[Stored entries]
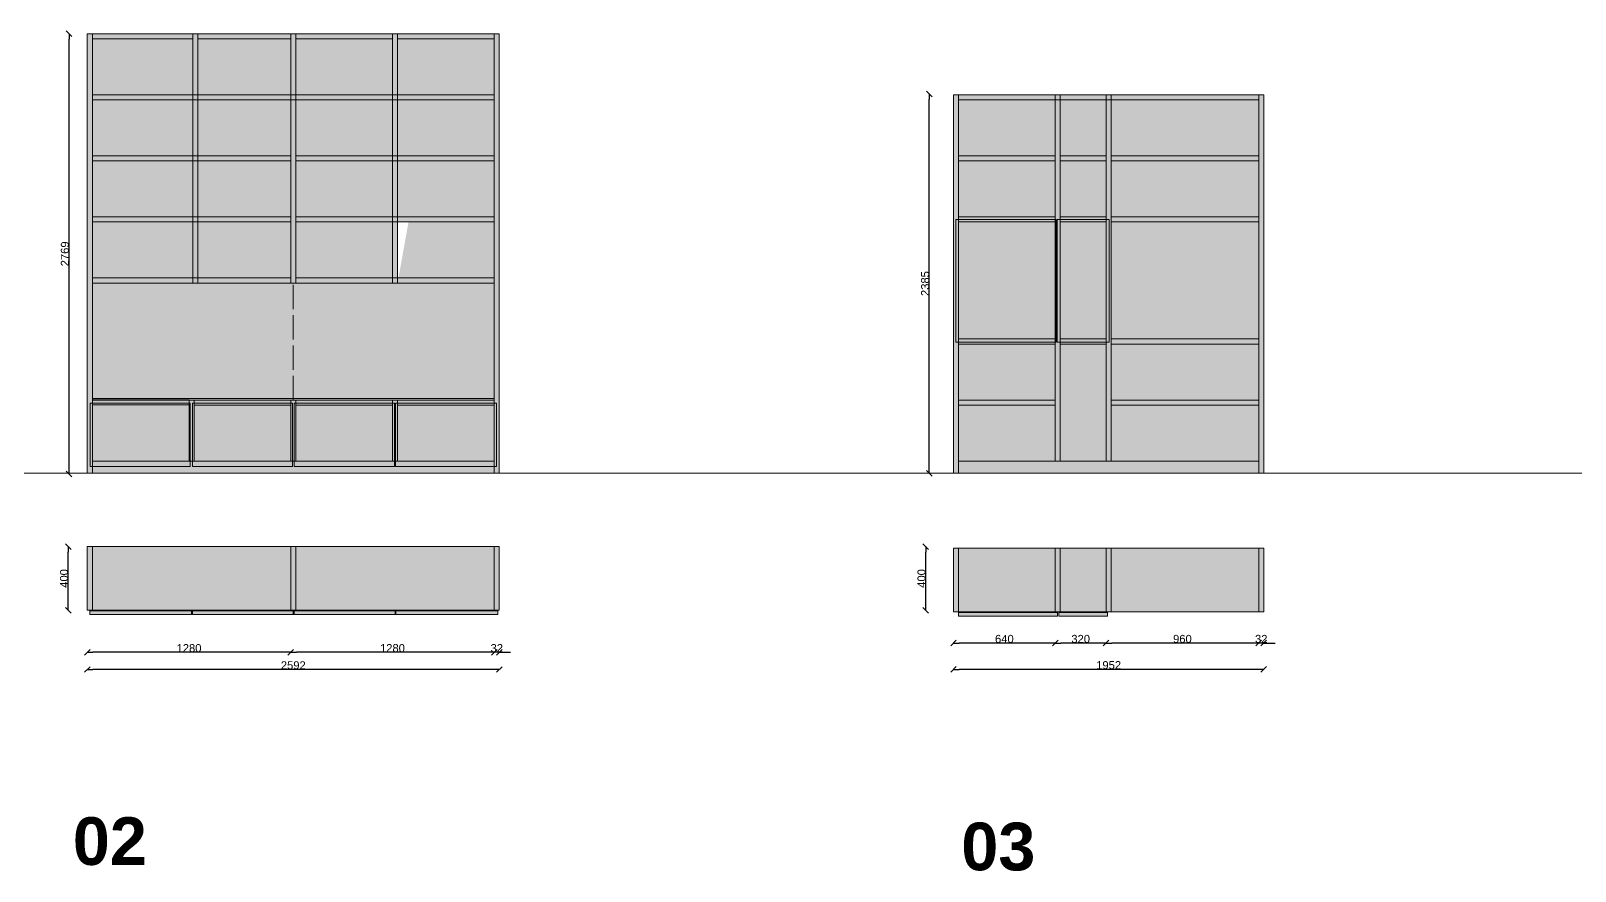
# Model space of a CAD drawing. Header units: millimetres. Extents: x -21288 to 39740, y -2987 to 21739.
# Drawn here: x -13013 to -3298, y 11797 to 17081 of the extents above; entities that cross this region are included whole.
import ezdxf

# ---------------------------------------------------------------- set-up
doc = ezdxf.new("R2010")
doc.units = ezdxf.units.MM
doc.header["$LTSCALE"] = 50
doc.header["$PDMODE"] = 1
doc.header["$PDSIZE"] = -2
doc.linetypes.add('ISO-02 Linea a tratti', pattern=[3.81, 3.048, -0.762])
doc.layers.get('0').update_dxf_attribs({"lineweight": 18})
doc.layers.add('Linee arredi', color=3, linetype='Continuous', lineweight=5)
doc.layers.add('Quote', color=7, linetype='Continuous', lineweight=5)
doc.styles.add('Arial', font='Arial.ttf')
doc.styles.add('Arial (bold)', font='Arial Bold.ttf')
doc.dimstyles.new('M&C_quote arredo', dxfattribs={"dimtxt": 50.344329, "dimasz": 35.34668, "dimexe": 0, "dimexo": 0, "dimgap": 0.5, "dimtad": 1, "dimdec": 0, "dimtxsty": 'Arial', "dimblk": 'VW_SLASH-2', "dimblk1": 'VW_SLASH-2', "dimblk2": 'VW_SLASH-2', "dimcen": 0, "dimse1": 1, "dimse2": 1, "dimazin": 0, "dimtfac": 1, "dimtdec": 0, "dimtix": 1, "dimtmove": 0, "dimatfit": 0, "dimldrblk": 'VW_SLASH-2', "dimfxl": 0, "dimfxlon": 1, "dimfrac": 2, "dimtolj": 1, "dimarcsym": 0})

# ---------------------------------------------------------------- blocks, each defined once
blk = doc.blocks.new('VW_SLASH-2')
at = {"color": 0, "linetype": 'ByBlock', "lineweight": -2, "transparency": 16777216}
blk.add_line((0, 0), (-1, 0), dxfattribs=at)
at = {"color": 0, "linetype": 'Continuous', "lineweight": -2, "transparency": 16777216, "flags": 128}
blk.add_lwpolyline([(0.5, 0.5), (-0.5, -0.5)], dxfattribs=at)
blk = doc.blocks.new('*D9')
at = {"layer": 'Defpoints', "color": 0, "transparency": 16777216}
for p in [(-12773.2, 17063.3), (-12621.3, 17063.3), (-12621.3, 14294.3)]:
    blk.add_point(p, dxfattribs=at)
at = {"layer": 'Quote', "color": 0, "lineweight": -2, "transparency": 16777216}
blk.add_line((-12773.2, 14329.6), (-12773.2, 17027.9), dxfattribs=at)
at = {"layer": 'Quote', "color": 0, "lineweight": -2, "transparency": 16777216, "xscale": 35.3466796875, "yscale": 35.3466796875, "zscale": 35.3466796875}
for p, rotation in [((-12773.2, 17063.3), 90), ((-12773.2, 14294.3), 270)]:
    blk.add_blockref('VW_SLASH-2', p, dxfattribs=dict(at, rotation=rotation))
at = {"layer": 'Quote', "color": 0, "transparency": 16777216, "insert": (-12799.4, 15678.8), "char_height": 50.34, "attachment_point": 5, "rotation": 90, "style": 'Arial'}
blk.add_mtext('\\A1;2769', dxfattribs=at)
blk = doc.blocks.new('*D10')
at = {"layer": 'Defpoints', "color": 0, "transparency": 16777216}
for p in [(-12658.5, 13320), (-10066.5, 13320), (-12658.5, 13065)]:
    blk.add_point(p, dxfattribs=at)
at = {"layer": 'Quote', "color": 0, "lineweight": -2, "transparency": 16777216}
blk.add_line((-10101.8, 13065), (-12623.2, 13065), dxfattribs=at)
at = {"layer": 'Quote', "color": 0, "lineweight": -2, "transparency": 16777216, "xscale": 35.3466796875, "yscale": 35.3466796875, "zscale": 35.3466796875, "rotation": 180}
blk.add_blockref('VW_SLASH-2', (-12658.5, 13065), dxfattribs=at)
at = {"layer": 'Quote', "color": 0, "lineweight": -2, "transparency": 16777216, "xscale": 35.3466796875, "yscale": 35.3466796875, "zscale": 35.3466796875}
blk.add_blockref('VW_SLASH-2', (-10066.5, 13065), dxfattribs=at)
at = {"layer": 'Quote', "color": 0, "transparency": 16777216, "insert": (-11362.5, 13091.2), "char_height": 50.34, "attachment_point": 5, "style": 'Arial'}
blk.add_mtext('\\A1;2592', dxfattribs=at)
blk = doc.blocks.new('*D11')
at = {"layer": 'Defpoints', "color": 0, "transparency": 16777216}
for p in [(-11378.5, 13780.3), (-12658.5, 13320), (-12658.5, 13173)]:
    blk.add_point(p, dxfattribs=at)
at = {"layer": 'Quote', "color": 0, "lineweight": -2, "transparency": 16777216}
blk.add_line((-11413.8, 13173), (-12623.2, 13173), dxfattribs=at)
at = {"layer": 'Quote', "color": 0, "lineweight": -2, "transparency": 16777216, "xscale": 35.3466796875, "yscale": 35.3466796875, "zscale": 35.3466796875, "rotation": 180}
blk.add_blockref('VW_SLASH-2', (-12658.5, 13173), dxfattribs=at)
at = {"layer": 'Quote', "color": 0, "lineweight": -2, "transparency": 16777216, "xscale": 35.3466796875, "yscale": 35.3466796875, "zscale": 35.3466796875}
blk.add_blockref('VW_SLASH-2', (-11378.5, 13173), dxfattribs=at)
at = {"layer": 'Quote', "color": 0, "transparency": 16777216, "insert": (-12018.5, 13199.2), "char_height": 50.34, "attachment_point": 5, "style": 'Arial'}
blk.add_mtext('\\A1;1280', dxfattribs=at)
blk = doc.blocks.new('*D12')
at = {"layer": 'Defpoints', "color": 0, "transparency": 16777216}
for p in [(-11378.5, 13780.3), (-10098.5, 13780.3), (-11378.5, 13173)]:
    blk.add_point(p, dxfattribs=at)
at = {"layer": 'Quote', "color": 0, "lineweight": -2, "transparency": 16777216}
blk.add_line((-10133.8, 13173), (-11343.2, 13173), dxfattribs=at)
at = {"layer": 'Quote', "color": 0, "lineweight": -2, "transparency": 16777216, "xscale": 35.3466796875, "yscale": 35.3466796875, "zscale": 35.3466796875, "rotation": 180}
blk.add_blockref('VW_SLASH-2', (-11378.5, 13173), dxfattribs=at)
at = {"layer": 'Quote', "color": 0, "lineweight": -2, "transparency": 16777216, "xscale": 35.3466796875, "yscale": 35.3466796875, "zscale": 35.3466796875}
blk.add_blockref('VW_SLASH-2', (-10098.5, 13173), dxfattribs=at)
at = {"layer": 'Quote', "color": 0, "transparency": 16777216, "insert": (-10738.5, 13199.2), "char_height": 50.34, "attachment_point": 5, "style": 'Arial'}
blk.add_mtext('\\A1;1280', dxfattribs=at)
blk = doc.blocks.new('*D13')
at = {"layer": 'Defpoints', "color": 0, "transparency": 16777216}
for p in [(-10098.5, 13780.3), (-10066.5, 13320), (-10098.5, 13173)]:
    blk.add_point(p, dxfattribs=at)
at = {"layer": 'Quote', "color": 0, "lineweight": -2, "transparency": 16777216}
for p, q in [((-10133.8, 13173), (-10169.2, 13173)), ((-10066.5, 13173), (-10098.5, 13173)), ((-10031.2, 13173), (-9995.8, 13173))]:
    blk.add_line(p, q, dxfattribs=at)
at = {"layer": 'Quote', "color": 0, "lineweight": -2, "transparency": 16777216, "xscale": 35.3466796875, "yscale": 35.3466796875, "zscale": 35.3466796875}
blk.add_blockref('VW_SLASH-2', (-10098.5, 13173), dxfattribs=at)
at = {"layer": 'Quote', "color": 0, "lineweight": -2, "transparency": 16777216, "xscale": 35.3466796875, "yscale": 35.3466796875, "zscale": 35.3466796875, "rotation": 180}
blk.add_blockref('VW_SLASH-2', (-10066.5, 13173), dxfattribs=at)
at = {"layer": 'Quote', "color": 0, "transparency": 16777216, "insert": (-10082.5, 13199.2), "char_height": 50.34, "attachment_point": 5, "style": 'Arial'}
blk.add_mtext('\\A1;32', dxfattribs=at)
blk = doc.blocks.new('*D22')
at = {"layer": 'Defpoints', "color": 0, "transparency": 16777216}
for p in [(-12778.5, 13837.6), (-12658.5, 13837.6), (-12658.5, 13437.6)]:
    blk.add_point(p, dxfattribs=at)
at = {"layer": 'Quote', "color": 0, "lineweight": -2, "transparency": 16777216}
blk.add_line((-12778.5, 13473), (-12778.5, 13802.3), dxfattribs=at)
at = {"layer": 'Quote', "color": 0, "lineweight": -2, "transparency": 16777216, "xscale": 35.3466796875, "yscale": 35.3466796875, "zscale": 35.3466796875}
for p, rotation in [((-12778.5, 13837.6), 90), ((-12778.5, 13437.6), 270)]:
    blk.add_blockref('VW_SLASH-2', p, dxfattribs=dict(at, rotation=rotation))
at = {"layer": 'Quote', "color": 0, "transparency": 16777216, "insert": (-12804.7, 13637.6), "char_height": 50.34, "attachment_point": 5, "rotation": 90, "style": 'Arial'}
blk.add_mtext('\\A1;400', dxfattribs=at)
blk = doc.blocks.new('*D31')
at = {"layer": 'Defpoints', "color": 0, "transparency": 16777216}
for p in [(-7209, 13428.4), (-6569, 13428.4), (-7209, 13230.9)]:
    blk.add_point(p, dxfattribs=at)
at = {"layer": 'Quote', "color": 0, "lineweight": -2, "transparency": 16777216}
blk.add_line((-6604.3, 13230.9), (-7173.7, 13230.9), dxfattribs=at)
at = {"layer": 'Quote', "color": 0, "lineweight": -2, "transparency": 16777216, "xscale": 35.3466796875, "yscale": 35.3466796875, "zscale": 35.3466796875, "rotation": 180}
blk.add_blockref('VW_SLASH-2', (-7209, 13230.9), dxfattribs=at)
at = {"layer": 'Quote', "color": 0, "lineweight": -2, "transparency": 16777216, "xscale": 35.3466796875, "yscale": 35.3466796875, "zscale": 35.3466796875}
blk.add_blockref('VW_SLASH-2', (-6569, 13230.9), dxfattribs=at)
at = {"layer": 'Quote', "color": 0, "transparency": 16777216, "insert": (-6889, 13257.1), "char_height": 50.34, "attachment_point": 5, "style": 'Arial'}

#### [TO DO]
Start with the first line of the records above and end with the line containing "doc.styles.add('Arial (bold)', font='Arial". Output those lines exactly, pictures excluded.

#### [TASK OUTPUT]
# Model space of a CAD drawing. Header units: millimetres. Extents: x -21288 to 39740, y -2987 to 21739.
# Drawn here: x -13013 to -3298, y 11797 to 17081 of the extents above; entities that cross this region are included whole.
import ezdxf

# ---------------------------------------------------------------- set-up
doc = ezdxf.new("R2010")
doc.units = ezdxf.units.MM
doc.header["$LTSCALE"] = 50
doc.header["$PDMODE"] = 1
doc.header["$PDSIZE"] = -2
doc.linetypes.add('ISO-02 Linea a tratti', pattern=[3.81, 3.048, -0.762])
doc.layers.get('0').update_dxf_attribs({"lineweight": 18})
doc.layers.add('Linee arredi', color=3, linetype='Continuous', lineweight=5)
doc.layers.add('Quote', color=7, linetype='Continuous', lineweight=5)
doc.styles.add('Arial', font='Arial.ttf')
doc.styles.add('Arial (bold)', font='Arial Bold.ttf')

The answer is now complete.